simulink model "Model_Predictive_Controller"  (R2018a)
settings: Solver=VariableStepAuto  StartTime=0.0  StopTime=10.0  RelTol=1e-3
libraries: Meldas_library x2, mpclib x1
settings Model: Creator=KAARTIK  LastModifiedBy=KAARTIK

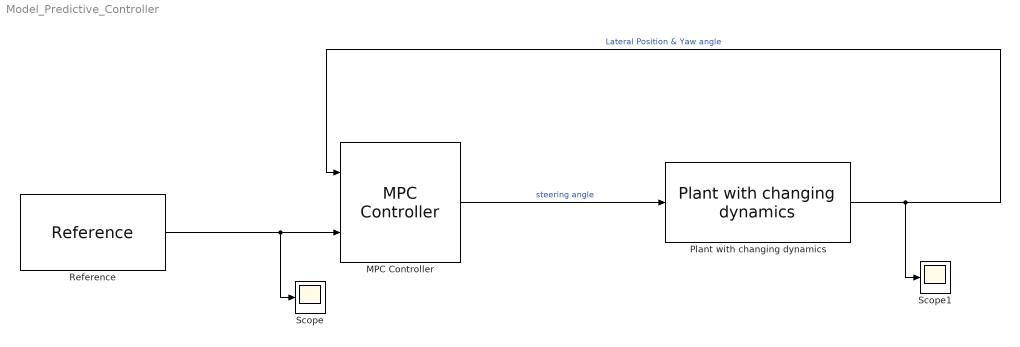
== system Model_Predictive_Controller ==
  MPC Controller : mpclib/MPC Controller  SCDEnableBlockLinearizationSpecification=on  is_multiple=0  enable_value=0  return_u0=off  updateMPCinCallerWorkspace=on  ref_from_ws=off  ref_signal_name=[]  ref_preview=off  md_from_ws=off  md_signal_name=[]  md_preview=off  from_project=off  project_file=MPCtask.mat  md_inport=off  mv_inport=off  cost_outport=off  return_sequence=off  return_qpstatus=off  return_state=off  state_inport=off  lims_inport=off  cc_inport=off  ywt_inport=off  is_designfromscratch=0  uwt_inport=off  duwt_inport=off  rhoeps_inport=off  uref_inport=off  n_ts=1  n_p=10  n_mv=1  n_md=1  n_ud=0  n_mo=1  n_uo=0  BlockDataType=double  SampleTimeInherited=off  switch_inport=off
  Plant with changing dynamics : Meldas_library/Plant with changing dynamics  Vx=15
  Reference : Meldas_library/Reference  SystemSampleTime=-1
  Scope : Scope
  Scope1 : Scope
  wires:
  MPC Controller/1 -> Plant with changing dynamics/1  "steering angle"
  Plant with changing dynamics/1 -> Scope1/1, MPC Controller/1  "Lateral Position & Yaw angle"
  Reference/1 -> Scope/1, MPC Controller/2
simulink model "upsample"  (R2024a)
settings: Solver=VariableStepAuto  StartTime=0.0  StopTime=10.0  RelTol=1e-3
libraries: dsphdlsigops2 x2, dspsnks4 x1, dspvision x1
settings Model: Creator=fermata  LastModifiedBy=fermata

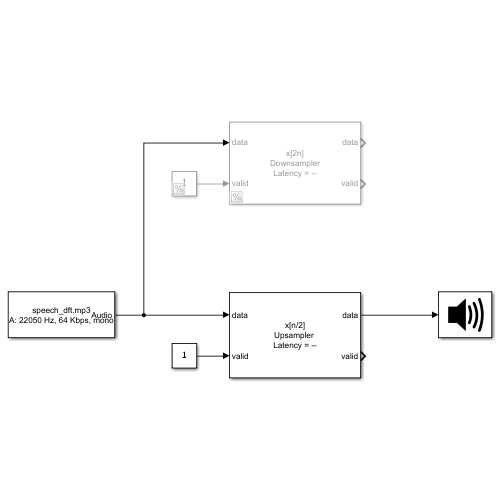
[thumbnail: Simulink's stored preview of the top-level diagram]
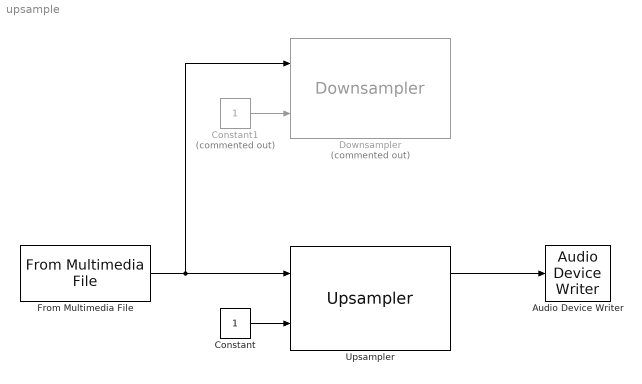
== system upsample ==
  Audio Device Writer : dspsnks4/Audio Device Writer  Driver=ALSA  Device=Default  InheritSampleRate=on  SampleRate=44100  BitDepth=16-bit integer  BufferSize=4096  NumBuffers=10  DefaultOutputChannelMapping=on  OutputChannelMapping=1:2  OutputNumUnderrunSamples=off  DriverIdx=8  DeviceWarnFlag=''
  Constant : Constant  OutDataTypeStr=boolean
  Constant1 : Constant  Commented=on  OutDataTypeStr=boolean
  Downsampler : dsphdlsigops2/Downsampler  Commented=on  DownsampleFactor=2  SampleOffset=0  SimulateUsing=Code generation  ResetInputPort=off
  From Multimedia File : dspvision/From Multimedia File  inputFilename=speech_dft.mp3  readRange=[1 Inf]  loop=on  numPlays=inf  outputStreams=Audio only  videoDataType=single  audioDataType=double  inheritSampleTime=on  userDefinedSampleTime=1/30  noAudioOutput=off  isIntensityVideo=off  fourcc=RGB  colorVideoFormat=Separate color signals  outputEOF=off  dataOrg=Column-major  audioFrameSize=1  computeAudioFrameSize=off  outSamplingMode=Sample based
      settings: LibrarySourceBlock=audiosources/From Multimedia File
  Upsampler : dsphdlsigops2/Upsampler  UpsampleFactor=2  SampleOffset=0  NumCycles=1  SimulateUsing=Code generation  ResetInputPort=off  ReadyPort=off
  wires:
  From Multimedia File/1 -> Downsampler/1, Upsampler/1
  Upsampler/1 -> Audio Device Writer/1
  Constant/1 -> Upsampler/2
  Constant1/1 -> Downsampler/2
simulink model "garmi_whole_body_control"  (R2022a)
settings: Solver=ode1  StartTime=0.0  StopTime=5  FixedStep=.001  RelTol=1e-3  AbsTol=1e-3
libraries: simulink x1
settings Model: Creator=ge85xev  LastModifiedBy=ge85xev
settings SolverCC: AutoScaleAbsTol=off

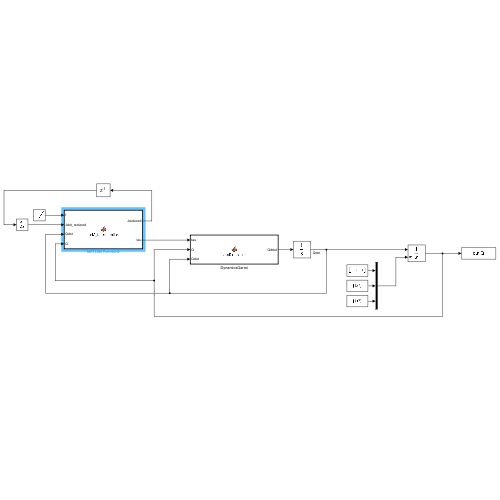
[thumbnail: Simulink's stored preview of the top-level diagram]
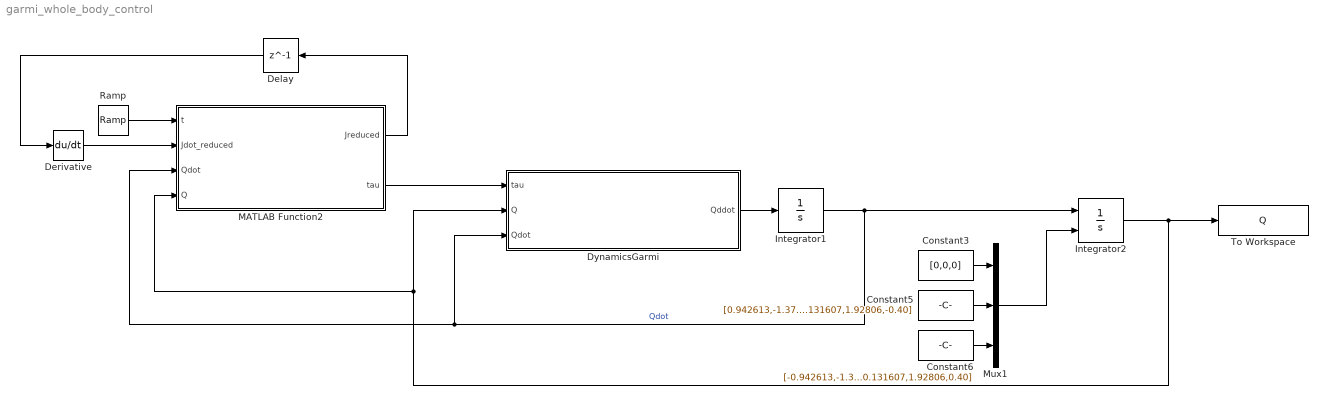
== system garmi_whole_body_control ==
  Constant3 : Constant  Value=[0,0,0]
  Constant5 : Constant  Value=[0.942613,-1.37299,-0.0288793,-1.84589,0.131607,1.92806,-0.40]
  Constant6 : Constant  Value=[-0.942613,-1.37299,-0.0288793,-1.84589,-0.131607,1.92806,0.40]
  Delay : Delay  DelayLength=1  InitialCondition=zeros(12,16)
  Derivative : Derivative
  DynamicsGarmi : MATLAB Function  TreatAsAtomicUnit=on  SystemSampleTime=0.001
  Integrator1 : Integrator  InitialCondition=[0,0,0,0,0,0,0,0,0,0,0,0,0,0,0,0,0]
  Integrator2 : Integrator  InitialConditionSource=external  InitialCondition=[0.942613,-1.37299,-0.0288793,-1.84589,0.131607,1.92806,-0.40]
  MATLAB Function2 : MATLAB Function  TreatAsAtomicUnit=on
  Mux1 : Mux  Inputs=3
  Ramp : simulink/Sources/Ramp  slope=1  start=0  InitialOutput=0
  To Workspace : ToWorkspace  VariableName=Q  SaveFormat=Timeseries  SampleTime=-1
  wires:
  Integrator1/1 -> DynamicsGarmi/3(Qdot), MATLAB Function2/3(Qdot), Integrator2/1  "Qdot"
  Integrator2/1 -> To Workspace/1, DynamicsGarmi/2(Q), MATLAB Function2/4(Q)
  Mux1/1 -> Integrator2/2
  Constant3/1 -> Mux1/1
  Constant5/1 -> Mux1/2
  Constant6/1 -> Mux1/3
  Derivative/1 -> MATLAB Function2/2(Jdot_reduced)
  MATLAB Function2/1(Jreduced) -> Delay/1
  Delay/1 -> Derivative/1
  Ramp/1 -> MATLAB Function2/1(t)
  DynamicsGarmi/1(Qddot) -> Integrator1/1
  MATLAB Function2/2(tau) -> DynamicsGarmi/1(tau)

== matlab function garmi_whole_body_control/MATLAB Function2 ==
  data: t input; Jdot_reduced input; Jreduced output; Qdot input; Q input; tau output
function  [Jreduced, tau] = arM_taskontroller(t,Jdot_reduced, Qdot, Q)
% Define control parameters for task space
% Define gains for translation and orientation components

K_task_translation = 30; % Stiffness for translation components
K_task_orientation = 10; % Stiffness for orientation components

D_task_translation = 10; % Damping for translation components
D_task_orientation = 4; % Damping for orientation components

% Create diagonal matrices for K_task, and D_task
% Including both translation and orientation components
K_task = diag([repmat(K_task_translation, 1, 3), repmat(K_task_orientation, 1, 3)]);
D_task = diag([repmat(D_task_translation, 1, 3), repmat(D_task_orientation, 1, 3)]);

% Define base, right arm, and left arm gains
K_null_base = 10; % Gain for the base
D_null_base = 45; % Damping for the base

% Gains for the right arm
K_null_right_arm = 1; % Example value, adjust as needed
D_null_right_arm = 1; % Example value, adjust as needed

% Gains for the left arm
K_null_left_arm = 1; % Example value, adjust as needed (can be different from right arm if desired)
D_null_left_arm = 1; % Example value, adjust as needed (can be different from right arm if desired)

% Create diagonal matrices for K_null and D_null
K_null = diag([repmat(K_null_base, 1, 3), ...
    repmat(K_null_right_arm, 1, 7), ...
    repmat(K_null_left_arm, 1, 7)]);

D_null = diag([repmat(D_null_base, 1, 3), ...
    repmat(D_null_right_arm, 1, 7), ...
    repmat(D_null_left_arm, 1, 7)]);

% Home positions for base and both arms
pose_base_home = [0.0,0,0]';
qhome_right = [0.942613,-1.37299,-0.0288793,-1.84589,0.131607,1.92806,-0.40]';
qhome_left = [-0.942613,-1.37299,-0.0288793,-1.84589,-0.131607,1.92806,0.40]'; % Example values, adjust as needed
Q_home = [pose_base_home;qhome_right;qhome_left];
Qdot_home = zeros(17,1);

% Compute whole body dynamics  model for the model based control.
[M, C, G] = computeDynamics(Q, Qdot);

% watch this video to learn how to drive these equations:
%  https://www.youtube.com/watch?v=C1cb03fYkxk

% Nonholomonic contriant matrix:
A = [-sin(Q(3)), cos(Q(3)), 0, zeros(1,14)];
Adot = [-Qdot(3)*cos(Q(3)), -Qdot(3)*sin(Q(3)), 0, zeros(1,14)];

% Computations for reduced order dynamics considering 1DOF nonholonomic
% dynamics
D = [cos(Q(3)), sin(Q(3)), zeros(1,15);zeros(15,2),eye(15,15)]; % D is auxilary and arbitrary matrix to make a non-singular square constriant matrix
Ddot = [-Qdot(3)*sin(Q(3)), Qdot(3)*cos(Q(3)), zeros(1,15);zeros(15,2),zeros(15,15)];
A_D = [A;D]; % This square matrix will be used to reduce the dynamics due to its constriant.
inverse_A_D = [-sin(Q(3)), cos(Q(3)), zeros(1,15);cos(Q(3)), sin(Q(3)), zeros(1,15);zeros(15,2),eye(15,15)]; % since the D matrix is easy, we analatically inverse it
E = inverse_A_D(:,1); % if the number of the constraints are M, then the first M columns are E
F = inverse_A_D(:,2:end); % if the number of the constraints are M, then the rest of columns (N-M) are F
v = D * Qdot;  % pseudo velocities that are used as the reduced generalized coordinates of the system.

% Compute Whole Body Jacobian for right and left arm
Jwb_right = JacobianWholeBody(Q,8,true);
Jwb_left = JacobianWholeBody(Q,8,false);

% Compute for pose of end effector for both right and left arms
pose_base_ref = [0;0;0];
Q_ref = [pose_base_ref;Q_home(4:17)]; % build Q_ref based on initial position of the base and q_home right and left arms
X_ref = [pose_arm(Q_ref, 8, true), pose_arm(Q_ref, 8, false)];
X = [pose_arm(Q, 8, true), pose_arm(Q, 8, false)];

Xdot_ref = [Jwb_right*zeros(17,1), Jwb_left*zeros(17,1)];
Xdot = [Jwb_right*Qdot, Jwb_left*Qdot];

% Compute for both right and left arms in one command.
u_task = zeros(16,2);
u_null = zeros(16,2);
Jreduced = [Jwb_right*F; Jwb_left*F];
M_reduced = F'*M*F; % Reduced mass matrix of the system.
M_reduced_inv = inv(M_reduced);

for arm_id = 1:2
    % task space
    Jr = Jreduced(6*arm_id-5:6*arm_id,:);
    Jd_r = Jdot_reduced(6*arm_id-5:6*arm_id,:);
    lambda = Jr * M_reduced_inv * Jr'; % auxilary variable that stores inverse of M_task. 
    M_task = inv(lambda);
    Jr_plus = Jr' / (Jr * Jr'); % compute pseudo inverse of Jr
    Jr_plus_M = M_reduced_inv * Jr' * M_task; % compute weighted pseudo inverse
    F_task = lambda * (K_task*(X_ref(:,arm_id) - X(:,arm_id)) + D_task*(Xdot_ref(:,arm_id) - Xdot(:,arm_id)));
    u_task(:,arm_id) = M_reduced*Jr_plus_M*(F_task - Jd_r*v);

    % null space
    Nr = eye(16) - Jr_plus_M*Jr; % compute null space.
    u_null(:,arm_id) = Nr'*F'*(K_null*(Q_home - Q) + D_null*(Qdot_home - Qdot));
end

F_p_pseudo = F / (F' * F);  % pseudo inverse of F';
u = u_task(:,1) + u_task(:,2) + u_null(:,1) + u_null(:,2);
%tau = (C*Qdot + G - M*(E*Adot + F*Ddot)*F*v) + F_p_pseudo*u + [20*(t<2.5);0;0;zeros(14,1)];
tau = (C*Qdot + G - M*(E*Adot + F*Ddot)*F*v) + F_p_pseudo*u + [40*(t<1);0;30*(t>2.0 && t<3);zeros(14,1)];
%tau = (C*Qdot + G - M*(E*Adot + F*Ddot)*F*v) + F_p_pseudo*u + Jwb_right'*[-15*(t<2);0;0;zeros(3,1)] + Jwb_left'*[-15*(t>2.5);0;0;zeros(3,1)];

% Compute reduced dynamics
%vdot = M_reduced_inv * F'*(tau - C*F*v - G + M*(E*Adot + F*Ddot)*F*v);  % reduced dynamics of the system.
%lambda_reduced = E'*(M*F*vdot - M*(E*Adot + F*Ddot)*F*v + C*Qdot + G - tau);  % reduced constraint forces.
%Qddot = F*vdot - (E*Adot + F*Ddot)*F*v;  % convert the reduced coordinates to the origin generalized coordinate.


    function crossMatrix = crossOperator(vec)
        crossMatrix = [0, -vec(3), vec(2); vec(3), 0, -vec(1); -vec(2), vec(1), 0];
    end

    function T = DHmatrix(q, i)
        % Define DH parameters for each link
        l = 0.1; % Tool length
        d = [0.333, 0, 0.316, 0, 0.384, 0, 0, 0.107+l];
        a = [0, 0, 0, 0.0825, -0.0825, 0, 0.088, 0];
        alpha = [0, -pi/2, pi/2, pi/2, -pi/2, pi/2, pi/2, 0];
        q_ext = [q; 0];

        % DH Transformation matrix for the current joint
        ct = cos(q_ext(i));
        st = sin(q_ext(i));
        ca = cos(alpha(i));
        sa = sin(alpha(i));

        T = [ ct, -st, 0, a(i);
            st * ca, ct * ca, -sa, -sa * d(i);
            st * sa, ct * sa, ca, ca * d(i);
            0, 0, 0, 1];  % calculate denavit hartenberg matrix
    end

    function T_total = FK(Q, index, isRightArm)
        % Extract pose components
        x = Q(1);
        y = Q(2);
        theta = Q(3);

        % Select the correct segment of Q based on isRightArm
        if isRightArm
            q_arm = Q(4:10); % Right arm joint angles
        else
            q_arm = Q(11:17); % Left arm joint angles
        end

        % --- Parameters Definition ---
        % Base dimensions
        width = 0.75; % X-direction (width)
        height = 0.2; % Y-direction (height)
        depth = 0.75; % Z-direction (depth)

        % Wheel parameters
        wheelRadius = height / 2; % Radius of the wheels

        % Spine length along the Z-axis and offset along the Y-axis
        spineHeight = 1.05;
        spineOffset = 0.1;

        % Shoulder width along the X-axis
        shoulderWidth = 0.4;

        % Rotation matrix to compensate the installation of Franka Arms on Garmi
        % torso
        if isRightArm
            beta = pi/2.0; % Rotation about Y axis
            gamma = pi/2.0; % Rotation about Z axis
            shoulderPose = [spineOffset , -shoulderWidth/2, height+ spineHeight]; % shoulderWidth/2 m to the right
        else
            beta = pi/2.0; % Rotation about Y axis
            gamma = -pi/2.0; % Rotation about Z axis
            shoulderPose = [spineOffset  , shoulderWidth/2, height+ spineHeight]; % shoulderWidth/2 m to the left
        end

        % Transformation matrix for the base of garmi
        T_mobile_base = [cos(theta), -sin(theta), 0 , x;
            sin(theta), cos(theta) , 0 , y;
            0,          0,           1 , 0;
            0,          0,           0 ,1];
        % Transformation matrix for the shoulder pose
        Tshoulder = [1, 0, 0, shoulderPose(1);
            0, 1, 0, shoulderPose(2);
            0, 0, 1, shoulderPose(3);
            0, 0, 0, 1];

        % Transformation matrix for the Garmi wall-mount arm installation
        Ty = [cos(beta), 0, sin(beta), 0;
            0, 1, 0, 0;
            -sin(beta), 0, cos(beta), 0;
            0, 0, 0, 1];
        Tz = [cos(gamma), -sin(gamma), 0, 0;
            sin(gamma), cos(gamma), 0, 0;
            0, 0, 1, 0;
            0, 0, 0, 1];

        % Transformation of the arm_base to the universal frame
        Ti = T_mobile_base* Tshoulder * Ty * Tz;

        for arm_id = 1:index
            Ti = Ti * DHmatrix(q_arm, arm_id); % apply rotation matrix to compensate for arm configuration
        end

        T_total = Ti;
    end

    function X = pose_arm(Q, index, isRightArm)
        % init pose vector:
        X = zeros(6,1);

        % Compute the transformation matrix for the specified configuration
        T_idx = FK(Q, index, isRightArm);

        % Extract the rotation matrix from the transformation matrix
        R = T_idx(1:3, 1:3);

        % Convert the rotation matrix to an axis-angle representation
        angle = acos((trace(R) - 1) / 2);
        if angle ~= 0
            % Ensure the angle is non-zero to avoid division by zero
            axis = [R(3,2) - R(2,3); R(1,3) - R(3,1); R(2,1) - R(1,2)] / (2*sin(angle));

* [Goal of the exercise] Nothing except a number is needed: how many lines of the entries contain the word "JacobianWholeBody"?

* [Expected answer] 2